In my case the problem was between the chair and the keyboard :-)

Could not load file or assembly 'DotNetOpenAuth.Core, Version=4.0.0.0,
Culture=neutral, PublicKeyToken=2780ccd10d57b246' or one of its dependencies.
The located assembly's manifest definition does not match the assembly reference.
(Exception from HRESULT: 0x80131040)

Two or more different assemblies wanted to use a different version of the DotNetOpenAuth library, and that would not be a problem. Furthermore, on my local computer a web.config was automatically updated by NuGet:

<dependentAssembly>
    <assemblyIdentity name="DotNetOpenAuth.AspNet" publicKeyToken="2780ccd10d57b246" culture="neutral" />
        <bindingRedirect oldVersion="0.0.0.0-4.3.0.0" newVersion="4.3.0.0" />
    </dependentAssembly>
    <dependentAssembly>
        <assemblyIdentity name="DotNetOpenAuth.Core" publicKeyToken="2780ccd10d57b246" culture="neutral" />
    <bindingRedirect oldVersion="0.0.0.0-4.3.0.0" newVersion="4.3.0.0" />
</dependentAssembly>

Then I realized that I had forgot to copy/deploy the new web.config to the production server.
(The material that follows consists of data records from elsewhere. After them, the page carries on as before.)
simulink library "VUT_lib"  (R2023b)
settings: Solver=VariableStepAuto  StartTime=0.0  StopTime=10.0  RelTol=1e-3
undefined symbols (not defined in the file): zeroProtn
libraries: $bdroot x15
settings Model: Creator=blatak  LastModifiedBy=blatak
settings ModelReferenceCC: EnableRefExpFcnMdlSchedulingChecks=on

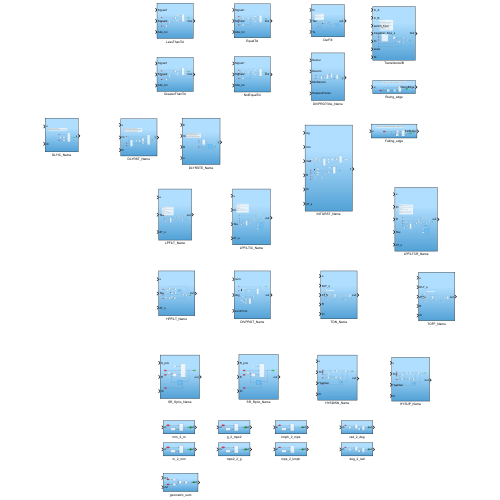
[thumbnail: Simulink's stored preview of the top-level diagram]
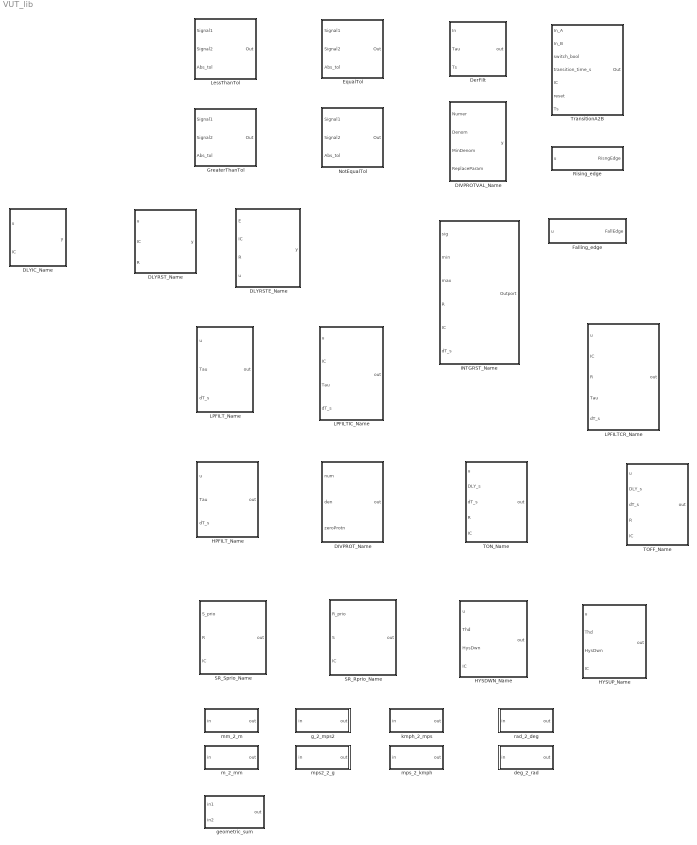
== system VUT_lib ==
  DIVPROTVAL_Name : Subsystem
  DIVPROT_Name : Subsystem
  DLYIC_Name : Subsystem
  DLYRSTE_Name : Subsystem
  DLYRST_Name : Subsystem
  DerFilt : Subsystem
  EqualTol : Subsystem
  Falling_edge : Subsystem
  GreaterThanTol : Subsystem
  HPFILT_Name : Subsystem
  HYSDWN_Name : Subsystem
  HYSUP_Name : Subsystem
  INTGRST_Name : Subsystem
  LPFILTCR_Name : Subsystem
  LPFILTIC_Name : Subsystem
  LPFILT_Name : Subsystem
  LessThanTol : Subsystem
  NotEqualTol : Subsystem
  Rising_edge : Subsystem
  SR_Rprio_Name : Subsystem
  SR_Sprio_Name : Subsystem
  TOFF_Name : Subsystem
  TON_Name : Subsystem
  TransitionA2B : Subsystem
  deg_2_rad : Subsystem
  g_2_mps2 : Subsystem
  geometric_sum : Subsystem
  kmph_2_mps : Subsystem
  m_2_mm : Subsystem
  mm_2_m : Subsystem
  mps2_2_g : Subsystem
  mps_2_kmph : Subsystem
  rad_2_deg : Subsystem

== system VUT_lib/DIVPROTVAL_Name ==
  Numer : Inport
  Denom : Inport  Port=2
  MinDenom : Inport  Port=3
  ReplaceParam : Inport  Port=4
  Abs : Abs  SaturateOnIntegerOverflow=off
  Constant : Constant  OutDataTypeStr=single
  Divide : Product  Inputs=*/  RndMeth=Zero  SaturateOnIntegerOverflow=on
  GreaterThan : RelationalOperator  Operator=>  OutDataTypeStr=boolean  RndMeth=Simplest  InputSameDT=off
  Switch : Switch  Criteria=u2 ~= 0  SaturateOnIntegerOverflow=off  InputSameDT=off
  Switch1 : Switch  Criteria=u2 ~= 0  SaturateOnIntegerOverflow=off  InputSameDT=off
  y : Outport
  wires:
  Abs/1 -> GreaterThan/1
  MinDenom/1 -> GreaterThan/2
  Constant/1 -> Switch/3
  Denom/1 -> Abs/1, Switch/1
  GreaterThan/1 -> Switch/2, Switch1/2
  Switch/1 -> Divide/2
  Numer/1 -> Divide/1
  Divide/1 -> Switch1/1
  Switch1/1 -> y/1
  ReplaceParam/1 -> Switch1/3

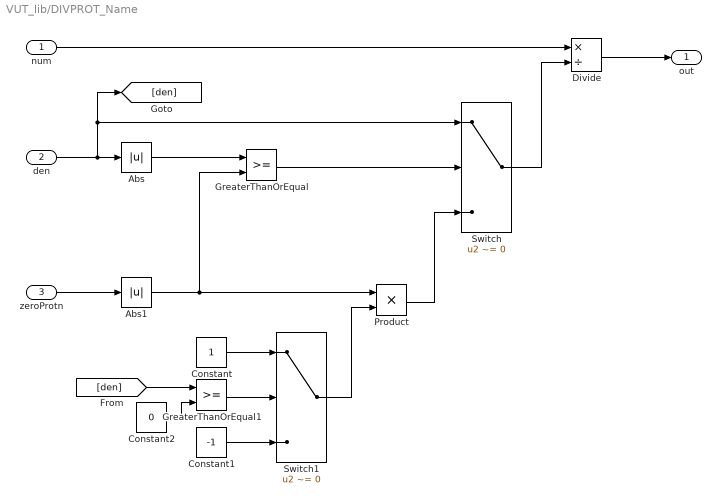
== system VUT_lib/DIVPROT_Name ==
  num : Inport
  den : Inport  Port=2
  zeroProtn : Inport  Port=3
  Abs : Abs  SaturateOnIntegerOverflow=off
  Abs1 : Abs  SaturateOnIntegerOverflow=off
  Constant : Constant  OutDataTypeStr=single
  Constant1 : Constant  Value=-1  OutDataTypeStr=single
  Constant2 : Constant  Value=0  OutDataTypeStr=single
  Divide : Product  Inputs=*/  RndMeth=Zero  SaturateOnIntegerOverflow=on
  GreaterThanOrEqual : RelationalOperator  OutDataTypeStr=boolean  RndMeth=Simplest  InputSameDT=off
  GreaterThanOrEqual1 : RelationalOperator  OutDataTypeStr=boolean  RndMeth=Simplest  InputSameDT=off
  Product : Product
  Switch : Switch  Criteria=u2 ~= 0  SaturateOnIntegerOverflow=off  InputSameDT=off
  Switch1 : Switch  Criteria=u2 ~= 0  SaturateOnIntegerOverflow=off  InputSameDT=off
  out : Outport
  wires:
  den/1 -> Switch/1, [den], Abs/1
  Abs/1 -> GreaterThanOrEqual/1
  zeroProtn/1 -> Abs1/1
  Abs1/1 -> Product/1, GreaterThanOrEqual/2
  GreaterThanOrEqual/1 -> Switch/2
  num/1 -> Divide/1
  Switch/1 -> Divide/2
  Divide/1 -> out/1
  Constant/1 -> Switch1/1
  Constant1/1 -> Switch1/3
  GreaterThanOrEqual1/1 -> Switch1/2
  [den] -> GreaterThanOrEqual1/1
  Constant2/1 -> GreaterThanOrEqual1/2
  Switch1/1 -> Product/2
  Product/1 -> Switch/3

== system VUT_lib/DLYIC_Name ==
  note: Unit delay External Initial Condition
      | Normally, the output is the signal delayed by one sample period.
      | Initial condition is given by the signal IC.
  u : Inport
  IC : Inport  Port=2
  Constant : Constant  Value=false  OutDataTypeStr=boolean
  Switch : Switch  Criteria=u2 ~= 0  SaturateOnIntegerOverflow=off  InputSameDT=off
  Unit Delay : UnitDelay  SampleTime=-1  HasFrameUpgradeWarning=on
  Unit Delay1 : UnitDelay  InitialCondition=true  SampleTime=-1  HasFrameUpgradeWarning=on
  y : Outport
  wires:
  u/1 -> Unit Delay/1
  Unit Delay/1 -> Switch/3
  IC/1 -> Switch/1
  Constant/1 -> Unit Delay1/1
  Unit Delay1/1 -> Switch/2
  Switch/1 -> y/1

== system VUT_lib/DLYRSTE_Name ==
  note: Unit Delay Resettable External Initial Condition
      | Normally, the output is the signal delayed by one sample period.
      | When the reset signal R is true, the state and the output are always set equal to the initial condition signal IC. This reset action is vectorized and supports scalar expansion.
      | When the enable signal is false, the block is disabled, and the state and the output values do not change except for resets. The enable action is vectoriyed and supports scalar expansion.
  E : Inport
  IC : Inport  Port=2
  R : Inport  Port=3
  u : Inport  Port=4
  DLYRST_Name : $bdroot/DLYRST_Name  SystemSampleTime=-1  VariantActivationTime=update diagram  Latency=0  AutoFrameSizeCalculation=off
  Switch : Switch  Criteria=u2 ~= 0  SaturateOnIntegerOverflow=off  InputSameDT=off
  y : Outport
  wires:
  E/1 -> Switch/2
  Switch/1 -> DLYRST_Name/1
  IC/1 -> DLYRST_Name/2
  R/1 -> DLYRST_Name/3
  DLYRST_Name/1 -> Switch/3, y/1
  u/1 -> Switch/1

== system VUT_lib/DLYRST_Name ==
  note: Unit Delay Resettable External Initial Condition
      | Normally, the output is the signal delayed by one sample period.
      | When the reset signal R is true, the state and the output are always set equal to the initial condition signal IC. This reset action is vectorized and supports scalar expansion.
  u : Inport
  IC : Inport  Port=2
  R : Inport  Port=3
  Constant : Constant  Value=false  OutDataTypeStr=boolean
  Logical Operator : Logic  Operator=OR  AllPortsSameDT=off  OutDataTypeStr=boolean
  Switch : Switch  Criteria=u2 ~= 0  SaturateOnIntegerOverflow=off  InputSameDT=off
  Switch1 : Switch  Criteria=u2 ~= 0  SaturateOnIntegerOverflow=off  InputSameDT=off
  Unit Delay : UnitDelay  InitialCondition=true  SampleTime=-1  HasFrameUpgradeWarning=on
  Unit Delay1 : UnitDelay  SampleTime=-1  HasFrameUpgradeWarning=on
  y : Outport
  wires:
  u/1 -> Switch/3
  R/1 -> Logical Operator/1, Switch/2
  Constant/1 -> Unit Delay/1
  Unit Delay/1 -> Logical Operator/2
  Switch/1 -> Unit Delay1/1
  Unit Delay1/1 -> Switch1/3
  Logical Operator/1 -> Switch1/2
  IC/1 -> Switch/1, Switch1/1
  Switch1/1 -> y/1

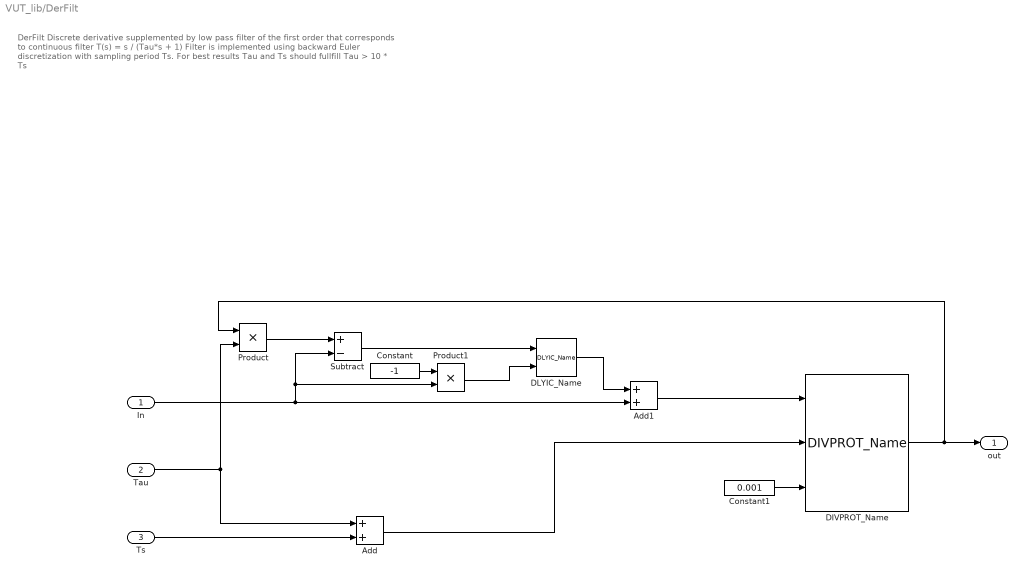
== system VUT_lib/DerFilt ==
  note: DerFilt
      |
      | Discrete derivative supplemented by low pass filter of the first
      | order that corresponds to continuous filter
      |
      | T(s) = s / (Tau*s + 1)
      |
      | Filter is implemented using backward Euler discretization with
      | sampling period Ts.
      |
      | For best results Tau and Ts should fullfill
      |
      | Tau > 10 * Ts
  In : Inport
  Tau : Inport  Port=2
  Ts : Inport  Port=3
  Add : Sum
  Add1 : Sum
  Constant : Constant  Value=-1  OutDataTypeStr=single
  Constant1 : Constant  Value=0.001  OutDataTypeStr=single
  DIVPROT_Name : $bdroot/DIVPROT_Name  SystemSampleTime=-1  VariantActivationTime=update diagram  Latency=0  AutoFrameSizeCalculation=off
  DLYIC_Name : $bdroot/DLYIC_Name  SystemSampleTime=-1  VariantActivationTime=update diagram  Latency=0  AutoFrameSizeCalculation=off
  Product : Product
  Product1 : Product
  Subtract : Sum  Inputs=+-
  out : Outport
  wires:
  Ts/1 -> Add/2
  Tau/1 -> Product/2, Add/1
  Product/1 -> Subtract/1
  In/1 -> Product1/2, Subtract/2, Add1/2
  Product1/1 -> DLYIC_Name/2
  Subtract/1 -> DLYIC_Name/1
  Constant/1 -> Product1/1
  Add1/1 -> DIVPROT_Name/1
  Add/1 -> DIVPROT_Name/2
  DIVPROT_Name/1 -> Product/1, out/1
  DLYIC_Name/1 -> Add1/1
  Constant1/1 -> DIVPROT_Name/3

== system VUT_lib/EqualTol ==
  Signal1 : Inport
  Signal2 : Inport  Port=2
  Abs_tol : Inport  Port=3
  Abs : Abs  SaturateOnIntegerOverflow=off
  Abs1 : Abs  SaturateOnIntegerOverflow=off
  Add : Sum  Inputs=+-
  Constant : Constant  Value=true  OutDataTypeStr=boolean
  Constant1 : Constant  Value=false  OutDataTypeStr=boolean
  LessThanOrEqual : RelationalOperator  Operator=<=  OutDataTypeStr=boolean  RndMeth=Simplest  InputSameDT=off
  Switch : Switch  Criteria=u2 ~= 0  SaturateOnIntegerOverflow=off  InputSameDT=off
  Out : Outport
  wires:
  Abs_tol/1 -> Abs/1
  Signal1/1 -> Add/1
  Signal2/1 -> Add/2
  Add/1 -> Abs1/1
  Abs1/1 -> LessThanOrEqual/1
  Abs/1 -> LessThanOrEqual/2
  LessThanOrEqual/1 -> Switch/2
  Constant/1 -> Switch/1
  Constant1/1 -> Switch/3
  Switch/1 -> Out/1

== system VUT_lib/Falling_edge ==
  note: This block is used to detect falling edge on logical signal
  u : Inport
  Logical Operator : Logic  Operator=NOT  AllPortsSameDT=off  OutDataTypeStr=boolean
  Logical Operator1 : Logic  AllPortsSameDT=off  OutDataTypeStr=boolean
  Unit Delay : UnitDelay  SampleTime=-1  HasFrameUpgradeWarning=on
  FallEdge : Outport
  wires:
  u/1 -> Unit Delay/1, Logical Operator/1
  Logical Operator1/1 -> FallEdge/1
  Unit Delay/1 -> Logical Operator1/2
  Logical Operator/1 -> Logical Operator1/1

== system VUT_lib/GreaterThanTol ==
  Signal1 : Inport
  Signal2 : Inport  Port=2
  Abs_tol : Inport  Port=3
  Abs : Abs  SaturateOnIntegerOverflow=off
  Add : Sum
  Constant : Constant  Value=true  OutDataTypeStr=boolean
  Constant1 : Constant  Value=false  OutDataTypeStr=boolean
  GreaterThan : RelationalOperator  Operator=>  OutDataTypeStr=boolean  RndMeth=Simplest  InputSameDT=off
  Switch : Switch  Criteria=u2 ~= 0  SaturateOnIntegerOverflow=off  InputSameDT=off
  Out : Outport
  wires:
  Abs_tol/1 -> Abs/1
  Abs/1 -> Add/2
  Constant/1 -> Switch/1
  Add/1 -> GreaterThan/2
  Switch/1 -> Out/1
  Signal1/1 -> GreaterThan/1
  Signal2/1 -> Add/1
  Constant1/1 -> Switch/3
  GreaterThan/1 -> Switch/2

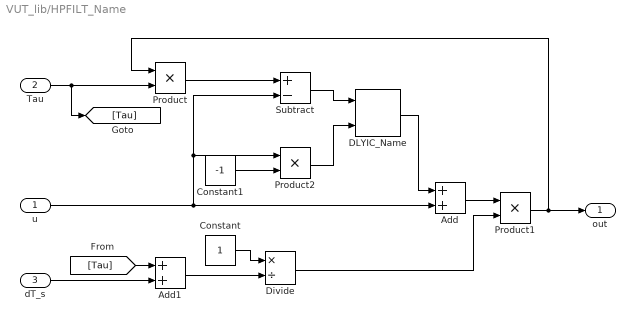
== system VUT_lib/HPFILT_Name ==
  u : Inport
  Tau : Inport  Port=2
  dT_s : Inport  Port=3
  Add : Sum
  Add1 : Sum
  Constant : Constant  OutDataTypeStr=single
  Constant1 : Constant  Value=-1  OutDataTypeStr=single
  DLYIC_Name : $bdroot/DLYIC_Name  SystemSampleTime=-1  VariantActivationTime=update diagram  Latency=0  AutoFrameSizeCalculation=off
  Divide : Product  Inputs=*/  RndMeth=Zero  SaturateOnIntegerOverflow=on
  Product : Product
  Product1 : Product
  Product2 : Product
  Subtract : Sum  Inputs=+-
  out : Outport
  wires:
  Tau/1 -> [Tau], Product/2
  Product/1 -> Subtract/1
  u/1 -> Product2/1, Subtract/2, Add/2
  Add/1 -> Product1/1
  dT_s/1 -> Add1/2
  [Tau] -> Add1/1
  Add1/1 -> Divide/2
  Constant/1 -> Divide/1
  Divide/1 -> Product1/2
  Product1/1 -> Product/1, out/1
  Constant1/1 -> Product2/2
  Subtract/1 -> DLYIC_Name/1
  Product2/1 -> DLYIC_Name/2
  DLYIC_Name/1 -> Add/1

== system VUT_lib/HYSDWN_Name ==
  u : Inport
  Thd : Inport  Port=2
  HysDwn : Inport  Port=3
  IC : Inport  Port=4
  DLYIC_Name : $bdroot/DLYIC_Name  SystemSampleTime=-1  VariantActivationTime=update diagram  Latency=0  AutoFrameSizeCalculation=off
  GreaterThanOrEqual : RelationalOperator  OutDataTypeStr=boolean  RndMeth=Simplest  InputSameDT=off
  GreaterThanOrEqual1 : RelationalOperator  OutDataTypeStr=boolean  RndMeth=Simplest  InputSameDT=off
  Logical Operator : Logic  AllPortsSameDT=off  OutDataTypeStr=boolean
  Logical Operator1 : Logic  Operator=OR  AllPortsSameDT=off  OutDataTypeStr=boolean
  Subtract : Sum  Inputs=+-
  out : Outport
  wires:
  u/1 -> GreaterThanOrEqual1/1, GreaterThanOrEqual/1
  HysDwn/1 -> Subtract/2
  Thd/1 -> [Thd], Subtract/1
  Subtract/1 -> GreaterThanOrEqual/2
  [Thd] -> GreaterThanOrEqual1/2
  GreaterThanOrEqual/1 -> Logical Operator/1
  DLYIC_Name/1 -> Logical Operator/2
  IC/1 -> DLYIC_Name/2
  GreaterThanOrEqual1/1 -> Logical Operator1/1
  Logical Operator/1 -> Logical Operator1/2
  Logical Operator1/1 -> DLYIC_Name/1, out/1

== system VUT_lib/HYSUP_Name ==
  u : Inport
  Thd : Inport  Port=2
  HysDwn : Inport  Port=3
  IC : Inport  Port=4
  DLYIC_Name : $bdroot/DLYIC_Name  SystemSampleTime=-1  VariantActivationTime=update diagram  Latency=0  AutoFrameSizeCalculation=off
  GreaterThanOrEqual : RelationalOperator  Operator=<=  OutDataTypeStr=boolean  RndMeth=Simplest  InputSameDT=off
  GreaterThanOrEqual1 : RelationalOperator  Operator=<=  OutDataTypeStr=boolean  RndMeth=Simplest  InputSameDT=off
  Logical Operator : Logic  AllPortsSameDT=off  OutDataTypeStr=boolean
  Logical Operator1 : Logic  Operator=OR  AllPortsSameDT=off  OutDataTypeStr=boolean
  Subtract : Sum  Inputs=+-
  out : Outport
  wires:
  Thd/1 -> [Thd], Subtract/1
  GreaterThanOrEqual1/1 -> Logical Operator1/1
  Logical Operator/1 -> Logical Operator1/2
  IC/1 -> DLYIC_Name/2
  u/1 -> GreaterThanOrEqual1/1, GreaterThanOrEqual/1
  HysDwn/1 -> Subtract/2
  GreaterThanOrEqual/1 -> Logical Operator/1
  Logical Operator1/1 -> DLYIC_Name/1, out/1
  Subtract/1 -> GreaterThanOrEqual/2
  DLYIC_Name/1 -> Logical Operator/2
  [Thd] -> GreaterThanOrEqual1/2

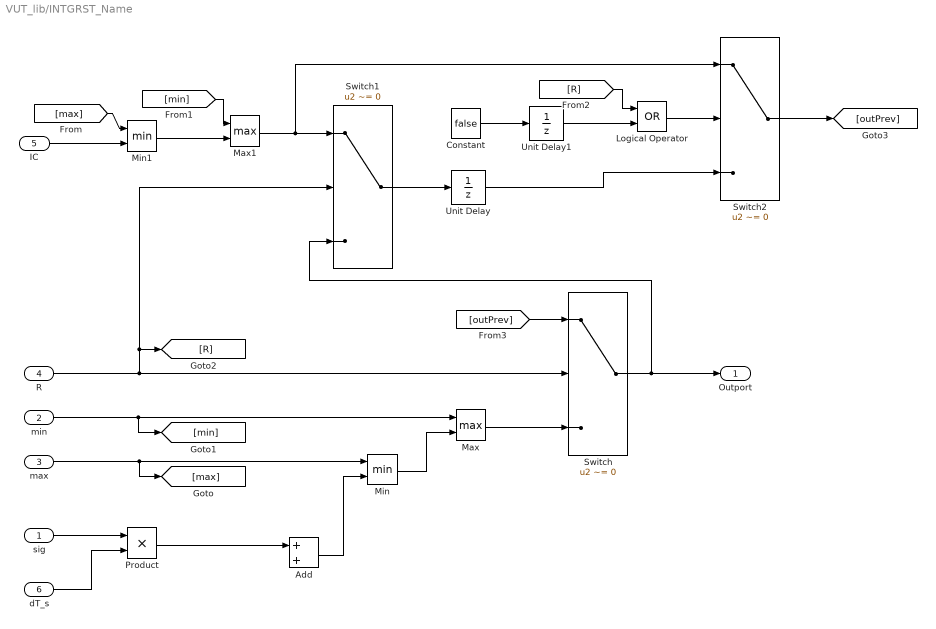
== system VUT_lib/INTGRST_Name ==
  sig : Inport
  min : Inport  Port=2
  max : Inport  Port=3
  R : Inport  Port=4
  IC : Inport  Port=5
  dT_s : Inport  Port=6
  Add : Sum
  Constant : Constant  Value=false  OutDataTypeStr=boolean
  Logical Operator : Logic  Operator=OR  AllPortsSameDT=off  OutDataTypeStr=boolean
  Max : MinMax  Function=max  Inputs=2
  Max1 : MinMax  Function=max  Inputs=2
  Min : MinMax  Inputs=2
  Min1 : MinMax  Inputs=2
  Product : Product
  Switch : Switch  Criteria=u2 ~= 0  SaturateOnIntegerOverflow=off  InputSameDT=off
  Switch1 : Switch  Criteria=u2 ~= 0  SaturateOnIntegerOverflow=off  InputSameDT=off
  Switch2 : Switch  Criteria=u2 ~= 0  SaturateOnIntegerOverflow=off  InputSameDT=off
  Unit Delay : UnitDelay  SampleTime=-1  HasFrameUpgradeWarning=on
  Unit Delay1 : UnitDelay  InitialCondition=true  SampleTime=-1  HasFrameUpgradeWarning=on
  Outport : Outport
  wires:
  sig/1 -> Product/1
  dT_s/1 -> Product/2
  Product/1 -> Add/1
  max/1 -> [max], Min/1
  Add/1 -> Min/2
  Min/1 -> Max/2
  min/1 -> [min], Max/1
  Max/1 -> Switch/3
  R/1 -> Switch1/2, [R], Switch/2
  IC/1 -> Min1/2
  [max] -> Min1/1
  Min1/1 -> Max1/2
  [min] -> Max1/1
  Max1/1 -> Switch2/1, Switch1/1
  Switch/1 -> Switch1/3, Outport/1
  Switch1/1 -> Unit Delay/1
  Constant/1 -> Unit Delay1/1
  Unit Delay1/1 -> Logical Operator/2
  [R] -> Logical Operator/1
  Logical Operator/1 -> Switch2/2
  Unit Delay/1 -> Switch2/3
  Switch2/1 -> [outPrev]
  [outPrev] -> Switch/1

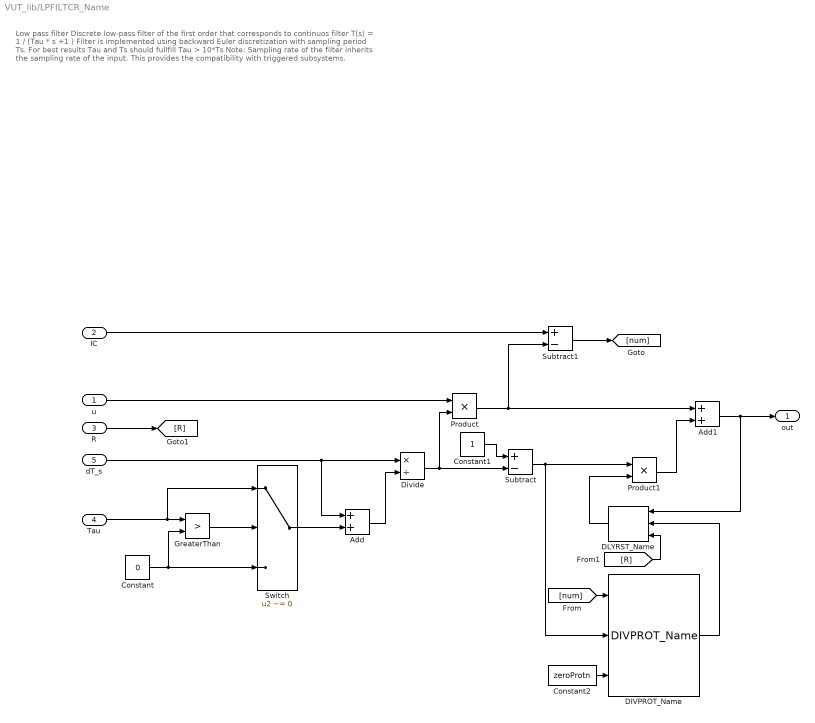
== system VUT_lib/LPFILTCR_Name ==
  note: Low pass filter
      | Discrete low-pass filter of the first order that corresponds to
      | continuos filter
      |
      | T(s) = 1 / (Tau * s +1 )
      |
      | Filter is implemented using backward Euler discretization with sampling period Ts.
      |
      | For best results Tau and Ts should fullfill
      | Tau > 10*Ts
      |
      | Note: Sampling rate of the filter inherits the sampling rate of the input. This provides the compatibility with triggered subsystems.
  u : Inport
  IC : Inport  Port=2
  R : Inport  Port=3
  Tau : Inport  Port=4
  dT_s : Inport  Port=5
  Add : Sum
  Add1 : Sum
  Constant : Constant  Value=0
  Constant1 : Constant  OutDataTypeStr=single
  Constant2 : Constant  Value=zeroProtn
  DIVPROT_Name : $bdroot/DIVPROT_Name  SystemSampleTime=-1  VariantActivationTime=update diagram  Latency=0  AutoFrameSizeCalculation=off
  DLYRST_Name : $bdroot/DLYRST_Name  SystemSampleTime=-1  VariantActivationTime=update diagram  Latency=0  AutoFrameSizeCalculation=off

So if you have manual way of deploying web.config, check it is updated. If you have completely different web.config for production server, you have to merge these dependentAssembly section in sync after using NuGet.

If you ever get an error like "The located assembly's manifest definition does not match the assembly reference" and if you have updated via Project > Manage NuGet Packages and Update tab in VS, the first thing you could do is try installing another version of the package after checking versions from NuGet Gallery page and running the folowing command from Package Manager Console:

PM> Install-Package YourPackageName -Version YourVersionNumber 
//Example
PM> Install-Package Microsoft.Extensions.FileProviders.Physical -Version 2.1.0

Although answer is not directly related to the package in question and it was asked way back, it is kind of generic, still relevant and hope it helps someone.

I received this error message due to referencing an assembly that had the same name as the assembly I was building.

This compiled but it overwrote the referenced assembly with the current projects assembly - thus causing the error.

To fix it I changed the name of the project, and the assembly properties available through right-clicking on the project and choosing 'Properties'.

In your AssemblyVersion in AssemblyInfo.cs file, use a fixed version number instead of specifying *. The * will change the version number on each compilation. That was the issue for this exception in my case.